# Mein Fungame vorstellen



## grudge (3. Nov 2009)

Hallo Leute!

Ich habe mein Fungame endlich fertig! 
(1 Jahr arbeit)

Deshalb wollte ich es hier mal vorstellen:
Metzger Joggl



Was meint ihr? Kann man es irgenwie noch verbessern?

mfG


----------



## Sanix (3. Nov 2009)

Also ist noch cool gemacht muss ich sagen, jedoch die Story findet vielleicht ein 14 Jähriger lustig 
Auf eurer Website habt ihr spielen falsch geschrieben.
Es wäre noch cool, wenn ich von anfang an in ein späteres Level gehen könnte, wenn ich es schon einmal geschafft habe (Levelcodes z.B.).

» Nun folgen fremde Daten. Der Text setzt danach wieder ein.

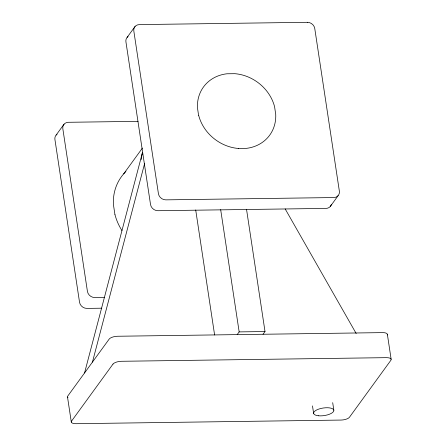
<?xml version="1.0" encoding="UTF-8"?>
<svg xmlns="http://www.w3.org/2000/svg" width="446" height="446" viewBox="0 0 446 446"><rect width="100%" height="100%" fill="white"/><g stroke="black" fill="none" stroke-linecap="round" stroke-linejoin="round"><path stroke-width="0.67" d="M84.55 372.973L142.413 152.744A54.579 47.527 36 0 0 141.181 159.612M92.439 362.119L144.638 163.442M56.146 135.043L64.034 124.189M127.143 37.358L135.032 26.504M123.676 173.862L142.408 148.094M237.188 334.612L239.162 331.896L220.67 209.626M330.252 206.509L338.14 195.655M263.04 334.255L265.013 331.54L246.521 209.274M138.054 121.34L68.327 122.293A6.824 5.943 36 0 0 62.814 128.643L87.422 291.377A6.824 5.943 36 0 0 94.831 297.549L104.258 297.421M101.755 308.197L86.942 308.403A6.824 5.943 36 0 1 79.533 302.232L54.925 139.498A6.824 5.943 36 0 1 57.055 134.218M239.162 331.896L265.013 331.54M238.275 148.496L246.203 148.384A40.865 35.585 36 0 0 275.723 114.388L274.58 106.711A40.865 35.585 36 0 0 234.903 73.685L226.975 73.774A40.865 35.585 36 0 0 197.455 107.77L198.598 115.447M285.178 208.918L356.187 333.508M114.934 214.593L113.384 204.357A54.49 47.449 36 0 1 125.923 171.493M387.357 334.249L391.142 359.286M332.699 402.666L333.831 410.175M312.495 405.91L313.633 413.42M195.705 209.971L214.61 334.974M67.513 397.029L71.304 422.067M387.234 334.996A6.824 2.542 -8.6 0 0 382.596 332.616L117.638 336.251A6.824 2.542 -8.6 0 0 109.203 339.055L67.786 396.037A6.824 2.542 -8.6 0 0 67.993 397.732M238.354 148.468A40.865 35.585 36 0 1 198.699 115.442M128.058 36.527A6.824 5.943 36 0 0 125.923 41.807L150.531 204.541A6.824 5.943 36 0 0 157.94 210.713L325.965 208.405A6.824 5.943 36 0 0 331.372 204.368M121.942 230.554A54.49 47.449 36 0 1 114.962 214.593M112.989 364.087L71.572 421.074A6.824 2.542 -8.6 0 0 76.065 423.7L341.017 420.065A6.824 2.542 -8.6 0 0 349.452 417.261L390.869 360.279A6.824 2.542 -8.6 0 0 386.381 357.653L121.424 361.288A6.824 2.542 -8.6 0 0 112.989 364.087M307.344 22.3L139.325 24.602A6.824 5.943 36 0 0 133.811 30.952L158.425 193.687A6.824 5.943 36 0 0 165.828 199.858L333.853 197.55A6.824 5.943 36 0 0 339.367 191.206L314.753 28.472A6.824 5.943 36 0 0 307.344 22.3M318.511 415.778A10.236 3.819 -8.6 0 0 333.864 410.549A10.236 3.819 -8.6 0 0 318.818 409.066A10.236 3.819 -8.6 0 0 318.511 415.778"/></g></svg>

Im Level 1 kann ich irgendo nicht unter den Balken durchaufen, sondern muss oben durch gehen.


----------



## javimka (3. Nov 2009)

Selten so viel Blut vergossen, wie gerade eben ^^
Solch Spiele sind eigentlich gar nicht mein Genre, aber aufgrund ansprechender Effekte und Graphik, habe ich es doch bis ins zweite Land durchgehalten 

Also das spritzende Blut sieht hervorragend aus, bisschen makaber, aber ich glaube, das wolltest du auch erreichen. Der Hintergrund ist schlicht und doch detailreich, auch der ist sehr gelungen. Und die auftauchenden Gruselschriften mit zugehörigem Sound sind sehr passend.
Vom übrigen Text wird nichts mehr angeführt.